[Records for processing]
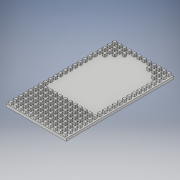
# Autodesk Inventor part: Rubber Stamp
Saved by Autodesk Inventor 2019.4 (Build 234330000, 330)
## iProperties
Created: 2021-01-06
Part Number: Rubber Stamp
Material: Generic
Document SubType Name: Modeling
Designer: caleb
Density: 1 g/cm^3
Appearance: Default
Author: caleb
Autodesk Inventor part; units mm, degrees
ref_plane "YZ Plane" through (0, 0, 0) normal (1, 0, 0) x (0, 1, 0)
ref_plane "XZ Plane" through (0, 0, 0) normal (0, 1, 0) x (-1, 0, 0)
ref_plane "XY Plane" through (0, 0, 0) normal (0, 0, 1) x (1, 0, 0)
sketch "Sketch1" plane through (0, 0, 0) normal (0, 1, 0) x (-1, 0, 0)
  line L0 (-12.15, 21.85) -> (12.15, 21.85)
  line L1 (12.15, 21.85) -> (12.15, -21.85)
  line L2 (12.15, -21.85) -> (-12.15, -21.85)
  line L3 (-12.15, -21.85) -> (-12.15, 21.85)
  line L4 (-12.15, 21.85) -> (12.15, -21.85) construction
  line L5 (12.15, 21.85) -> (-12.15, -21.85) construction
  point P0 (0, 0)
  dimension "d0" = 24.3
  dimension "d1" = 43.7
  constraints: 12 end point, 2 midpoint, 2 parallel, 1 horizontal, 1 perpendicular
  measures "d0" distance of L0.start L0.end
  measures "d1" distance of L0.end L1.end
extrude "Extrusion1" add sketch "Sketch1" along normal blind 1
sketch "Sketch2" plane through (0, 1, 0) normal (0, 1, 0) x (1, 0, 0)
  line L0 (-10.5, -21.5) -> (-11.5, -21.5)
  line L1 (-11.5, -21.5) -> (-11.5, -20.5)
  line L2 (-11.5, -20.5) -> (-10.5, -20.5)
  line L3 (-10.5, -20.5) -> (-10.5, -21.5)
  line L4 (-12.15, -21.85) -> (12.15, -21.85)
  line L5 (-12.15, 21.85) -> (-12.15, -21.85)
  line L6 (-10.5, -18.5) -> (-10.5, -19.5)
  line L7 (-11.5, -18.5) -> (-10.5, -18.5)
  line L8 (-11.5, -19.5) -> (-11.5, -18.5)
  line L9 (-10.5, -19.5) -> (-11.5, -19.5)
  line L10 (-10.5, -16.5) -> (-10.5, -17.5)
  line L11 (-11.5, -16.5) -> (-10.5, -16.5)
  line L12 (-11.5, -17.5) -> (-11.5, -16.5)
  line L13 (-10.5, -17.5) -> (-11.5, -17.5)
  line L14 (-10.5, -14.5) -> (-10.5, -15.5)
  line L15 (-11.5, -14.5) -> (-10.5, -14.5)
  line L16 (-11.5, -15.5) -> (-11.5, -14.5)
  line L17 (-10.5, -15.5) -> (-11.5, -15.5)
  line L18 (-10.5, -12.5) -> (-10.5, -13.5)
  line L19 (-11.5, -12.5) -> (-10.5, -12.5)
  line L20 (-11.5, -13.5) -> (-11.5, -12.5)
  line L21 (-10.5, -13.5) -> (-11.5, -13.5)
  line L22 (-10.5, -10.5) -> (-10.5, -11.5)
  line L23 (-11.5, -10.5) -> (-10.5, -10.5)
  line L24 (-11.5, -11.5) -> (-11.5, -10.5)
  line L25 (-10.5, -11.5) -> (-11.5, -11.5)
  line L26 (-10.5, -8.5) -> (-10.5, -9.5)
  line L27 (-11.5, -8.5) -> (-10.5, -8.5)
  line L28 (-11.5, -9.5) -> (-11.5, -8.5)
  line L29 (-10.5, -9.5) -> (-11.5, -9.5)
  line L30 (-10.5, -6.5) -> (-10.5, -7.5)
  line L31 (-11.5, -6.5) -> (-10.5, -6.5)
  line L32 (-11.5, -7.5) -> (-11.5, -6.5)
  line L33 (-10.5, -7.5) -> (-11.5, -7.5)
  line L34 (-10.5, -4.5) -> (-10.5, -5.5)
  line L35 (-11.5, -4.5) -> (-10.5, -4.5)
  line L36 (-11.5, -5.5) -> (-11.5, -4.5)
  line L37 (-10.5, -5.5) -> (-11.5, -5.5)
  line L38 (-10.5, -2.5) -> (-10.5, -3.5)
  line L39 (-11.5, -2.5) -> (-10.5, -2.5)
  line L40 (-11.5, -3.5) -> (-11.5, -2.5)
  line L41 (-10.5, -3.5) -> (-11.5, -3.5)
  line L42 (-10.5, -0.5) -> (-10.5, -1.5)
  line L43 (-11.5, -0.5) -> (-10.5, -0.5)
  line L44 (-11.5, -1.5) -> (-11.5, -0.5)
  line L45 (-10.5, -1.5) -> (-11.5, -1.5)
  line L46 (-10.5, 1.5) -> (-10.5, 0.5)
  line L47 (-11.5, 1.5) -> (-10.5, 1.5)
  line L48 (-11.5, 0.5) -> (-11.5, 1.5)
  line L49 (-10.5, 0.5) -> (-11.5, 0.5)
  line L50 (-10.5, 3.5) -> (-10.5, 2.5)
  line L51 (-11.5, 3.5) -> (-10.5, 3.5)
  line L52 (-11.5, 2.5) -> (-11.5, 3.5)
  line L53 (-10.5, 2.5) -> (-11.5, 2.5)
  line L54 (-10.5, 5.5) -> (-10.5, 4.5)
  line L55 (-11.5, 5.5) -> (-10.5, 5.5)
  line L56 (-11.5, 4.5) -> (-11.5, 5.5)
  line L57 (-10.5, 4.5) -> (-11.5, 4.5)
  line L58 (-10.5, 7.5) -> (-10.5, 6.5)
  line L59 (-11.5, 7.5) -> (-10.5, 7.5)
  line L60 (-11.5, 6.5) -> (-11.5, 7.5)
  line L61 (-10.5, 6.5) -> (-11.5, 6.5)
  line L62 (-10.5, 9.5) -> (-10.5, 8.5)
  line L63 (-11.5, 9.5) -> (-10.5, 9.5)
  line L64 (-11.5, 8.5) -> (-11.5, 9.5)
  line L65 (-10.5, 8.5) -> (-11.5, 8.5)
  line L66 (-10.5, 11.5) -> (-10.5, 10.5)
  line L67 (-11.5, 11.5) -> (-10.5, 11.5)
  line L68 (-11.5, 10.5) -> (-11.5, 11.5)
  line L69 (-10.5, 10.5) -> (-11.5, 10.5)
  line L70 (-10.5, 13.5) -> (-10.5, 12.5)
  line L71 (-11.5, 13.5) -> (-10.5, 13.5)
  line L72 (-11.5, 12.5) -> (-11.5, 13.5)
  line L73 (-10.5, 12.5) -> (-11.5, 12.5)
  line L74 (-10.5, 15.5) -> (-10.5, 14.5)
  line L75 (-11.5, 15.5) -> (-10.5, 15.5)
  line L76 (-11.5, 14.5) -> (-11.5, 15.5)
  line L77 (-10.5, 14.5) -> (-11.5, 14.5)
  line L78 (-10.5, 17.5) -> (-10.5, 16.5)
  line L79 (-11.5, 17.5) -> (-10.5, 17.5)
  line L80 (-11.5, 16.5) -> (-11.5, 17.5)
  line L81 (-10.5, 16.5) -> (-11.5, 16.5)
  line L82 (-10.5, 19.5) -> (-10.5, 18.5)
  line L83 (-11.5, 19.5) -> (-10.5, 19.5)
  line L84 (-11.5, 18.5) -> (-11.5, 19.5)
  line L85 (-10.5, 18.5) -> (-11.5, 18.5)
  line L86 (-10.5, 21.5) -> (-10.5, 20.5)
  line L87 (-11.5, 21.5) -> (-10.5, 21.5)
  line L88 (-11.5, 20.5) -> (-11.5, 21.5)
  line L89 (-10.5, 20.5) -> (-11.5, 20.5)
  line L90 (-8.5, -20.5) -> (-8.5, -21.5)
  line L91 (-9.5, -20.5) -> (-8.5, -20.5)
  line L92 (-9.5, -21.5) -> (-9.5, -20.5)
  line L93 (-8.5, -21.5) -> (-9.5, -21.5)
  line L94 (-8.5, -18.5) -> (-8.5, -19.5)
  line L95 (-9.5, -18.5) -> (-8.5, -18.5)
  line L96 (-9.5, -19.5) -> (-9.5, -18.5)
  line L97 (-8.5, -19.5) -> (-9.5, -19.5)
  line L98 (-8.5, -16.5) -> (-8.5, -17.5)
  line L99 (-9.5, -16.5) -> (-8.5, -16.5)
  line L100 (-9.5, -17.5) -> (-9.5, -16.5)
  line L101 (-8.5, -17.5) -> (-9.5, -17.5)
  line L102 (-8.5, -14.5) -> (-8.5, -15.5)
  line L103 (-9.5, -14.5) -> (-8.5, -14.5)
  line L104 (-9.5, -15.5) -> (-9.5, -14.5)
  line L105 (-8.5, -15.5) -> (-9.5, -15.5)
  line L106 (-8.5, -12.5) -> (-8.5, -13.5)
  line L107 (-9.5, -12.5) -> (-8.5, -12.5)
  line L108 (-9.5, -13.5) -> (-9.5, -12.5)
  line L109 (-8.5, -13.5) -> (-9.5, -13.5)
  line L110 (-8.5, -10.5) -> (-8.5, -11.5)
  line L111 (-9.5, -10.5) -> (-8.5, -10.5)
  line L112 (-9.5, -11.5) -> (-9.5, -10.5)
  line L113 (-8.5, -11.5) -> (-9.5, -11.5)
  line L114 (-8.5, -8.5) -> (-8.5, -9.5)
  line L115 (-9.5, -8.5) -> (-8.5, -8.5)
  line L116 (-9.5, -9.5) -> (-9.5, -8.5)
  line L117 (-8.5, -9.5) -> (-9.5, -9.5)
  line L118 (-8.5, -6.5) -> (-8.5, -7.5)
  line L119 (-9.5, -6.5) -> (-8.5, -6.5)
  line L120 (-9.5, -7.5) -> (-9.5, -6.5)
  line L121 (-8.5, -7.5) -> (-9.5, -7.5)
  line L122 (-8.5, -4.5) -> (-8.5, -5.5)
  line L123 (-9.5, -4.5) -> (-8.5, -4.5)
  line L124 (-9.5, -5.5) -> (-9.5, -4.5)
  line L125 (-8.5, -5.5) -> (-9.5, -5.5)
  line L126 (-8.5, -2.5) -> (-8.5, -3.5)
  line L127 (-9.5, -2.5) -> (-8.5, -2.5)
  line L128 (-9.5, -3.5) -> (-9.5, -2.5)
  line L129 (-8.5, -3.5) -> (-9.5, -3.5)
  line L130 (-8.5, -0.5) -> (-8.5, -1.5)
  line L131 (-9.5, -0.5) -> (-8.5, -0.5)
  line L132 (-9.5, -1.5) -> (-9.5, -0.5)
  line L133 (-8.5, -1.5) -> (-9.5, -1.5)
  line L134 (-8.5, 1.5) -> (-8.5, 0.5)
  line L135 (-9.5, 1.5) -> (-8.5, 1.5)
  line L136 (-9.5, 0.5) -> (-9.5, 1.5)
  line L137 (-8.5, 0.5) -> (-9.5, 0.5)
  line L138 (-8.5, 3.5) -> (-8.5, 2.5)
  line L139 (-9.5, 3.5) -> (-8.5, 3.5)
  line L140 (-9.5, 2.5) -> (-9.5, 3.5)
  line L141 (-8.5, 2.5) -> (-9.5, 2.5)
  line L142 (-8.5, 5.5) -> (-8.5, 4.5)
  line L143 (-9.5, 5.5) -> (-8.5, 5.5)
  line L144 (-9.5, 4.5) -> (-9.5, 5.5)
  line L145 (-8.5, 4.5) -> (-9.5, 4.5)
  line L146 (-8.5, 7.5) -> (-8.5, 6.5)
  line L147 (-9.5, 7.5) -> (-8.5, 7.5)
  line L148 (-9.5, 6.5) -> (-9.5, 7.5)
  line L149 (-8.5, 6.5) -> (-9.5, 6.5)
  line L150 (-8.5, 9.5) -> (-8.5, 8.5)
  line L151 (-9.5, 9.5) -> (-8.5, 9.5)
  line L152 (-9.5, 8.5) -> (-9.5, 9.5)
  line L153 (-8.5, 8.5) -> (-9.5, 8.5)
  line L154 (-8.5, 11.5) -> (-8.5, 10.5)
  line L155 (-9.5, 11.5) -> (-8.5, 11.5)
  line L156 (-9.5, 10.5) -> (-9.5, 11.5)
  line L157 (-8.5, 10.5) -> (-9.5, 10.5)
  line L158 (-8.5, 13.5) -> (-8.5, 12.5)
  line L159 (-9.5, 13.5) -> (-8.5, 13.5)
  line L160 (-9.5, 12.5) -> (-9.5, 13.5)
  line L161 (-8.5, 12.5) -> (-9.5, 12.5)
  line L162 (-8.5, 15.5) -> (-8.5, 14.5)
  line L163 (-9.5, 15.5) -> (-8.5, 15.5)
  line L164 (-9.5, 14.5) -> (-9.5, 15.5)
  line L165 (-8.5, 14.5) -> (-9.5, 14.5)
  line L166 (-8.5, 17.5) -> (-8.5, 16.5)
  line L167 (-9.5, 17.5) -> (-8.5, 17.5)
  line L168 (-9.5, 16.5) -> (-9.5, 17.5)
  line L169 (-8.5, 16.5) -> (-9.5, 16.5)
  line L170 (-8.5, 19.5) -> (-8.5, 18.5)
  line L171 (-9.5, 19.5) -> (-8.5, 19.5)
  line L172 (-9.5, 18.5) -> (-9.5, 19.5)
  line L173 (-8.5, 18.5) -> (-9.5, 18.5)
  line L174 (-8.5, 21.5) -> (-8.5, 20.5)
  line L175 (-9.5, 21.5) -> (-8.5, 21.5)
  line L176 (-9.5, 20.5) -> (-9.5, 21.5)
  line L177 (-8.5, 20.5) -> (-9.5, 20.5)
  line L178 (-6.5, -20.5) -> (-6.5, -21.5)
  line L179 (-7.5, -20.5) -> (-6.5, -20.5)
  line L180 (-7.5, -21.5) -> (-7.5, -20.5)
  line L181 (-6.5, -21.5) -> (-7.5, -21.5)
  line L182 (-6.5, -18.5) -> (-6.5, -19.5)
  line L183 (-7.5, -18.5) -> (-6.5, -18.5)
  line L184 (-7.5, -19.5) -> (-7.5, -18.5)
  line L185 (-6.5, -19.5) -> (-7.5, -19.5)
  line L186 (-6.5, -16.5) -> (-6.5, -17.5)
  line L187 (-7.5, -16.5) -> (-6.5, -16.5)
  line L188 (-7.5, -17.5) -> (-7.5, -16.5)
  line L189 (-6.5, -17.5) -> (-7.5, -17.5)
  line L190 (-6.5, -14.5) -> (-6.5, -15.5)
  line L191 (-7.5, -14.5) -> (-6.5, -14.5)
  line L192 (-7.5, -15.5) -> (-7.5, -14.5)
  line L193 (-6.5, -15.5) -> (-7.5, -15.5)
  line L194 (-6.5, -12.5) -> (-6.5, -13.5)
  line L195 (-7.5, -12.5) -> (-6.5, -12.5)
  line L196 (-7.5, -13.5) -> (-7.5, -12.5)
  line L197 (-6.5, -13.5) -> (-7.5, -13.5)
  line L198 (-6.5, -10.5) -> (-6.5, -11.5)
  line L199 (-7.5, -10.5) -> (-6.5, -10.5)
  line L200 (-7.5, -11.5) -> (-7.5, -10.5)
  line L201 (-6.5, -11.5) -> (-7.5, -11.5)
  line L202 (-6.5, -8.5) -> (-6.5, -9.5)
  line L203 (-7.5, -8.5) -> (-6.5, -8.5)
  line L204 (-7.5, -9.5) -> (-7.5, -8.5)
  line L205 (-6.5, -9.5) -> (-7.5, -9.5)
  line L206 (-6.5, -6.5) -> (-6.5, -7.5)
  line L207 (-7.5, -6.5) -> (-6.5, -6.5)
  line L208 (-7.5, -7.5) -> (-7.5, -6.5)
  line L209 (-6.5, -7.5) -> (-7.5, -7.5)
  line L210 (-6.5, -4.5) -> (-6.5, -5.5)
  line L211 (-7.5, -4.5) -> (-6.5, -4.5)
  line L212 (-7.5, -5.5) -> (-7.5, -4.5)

[Your assignment]
Exact repetition is required for the lines from the first one in the listing through the one that holds "of L0.end L1.end", and pictures are to be omitted.

[Solution to this exercise]
# Autodesk Inventor part: Rubber Stamp
Saved by Autodesk Inventor 2019.4 (Build 234330000, 330)
## iProperties
Created: 2021-01-06
Part Number: Rubber Stamp
Material: Generic
Document SubType Name: Modeling
Designer: caleb
Density: 1 g/cm^3
Appearance: Default
Author: caleb
Autodesk Inventor part; units mm, degrees
ref_plane "YZ Plane" through (0, 0, 0) normal (1, 0, 0) x (0, 1, 0)
ref_plane "XZ Plane" through (0, 0, 0) normal (0, 1, 0) x (-1, 0, 0)
ref_plane "XY Plane" through (0, 0, 0) normal (0, 0, 1) x (1, 0, 0)
sketch "Sketch1" plane through (0, 0, 0) normal (0, 1, 0) x (-1, 0, 0)
  line L0 (-12.15, 21.85) -> (12.15, 21.85)
  line L1 (12.15, 21.85) -> (12.15, -21.85)
  line L2 (12.15, -21.85) -> (-12.15, -21.85)
  line L3 (-12.15, -21.85) -> (-12.15, 21.85)
  line L4 (-12.15, 21.85) -> (12.15, -21.85) construction
  line L5 (12.15, 21.85) -> (-12.15, -21.85) construction
  point P0 (0, 0)
  dimension "d0" = 24.3
  dimension "d1" = 43.7
  constraints: 12 end point, 2 midpoint, 2 parallel, 1 horizontal, 1 perpendicular
  measures "d0" distance of L0.start L0.end
  measures "d1" distance of L0.end L1.end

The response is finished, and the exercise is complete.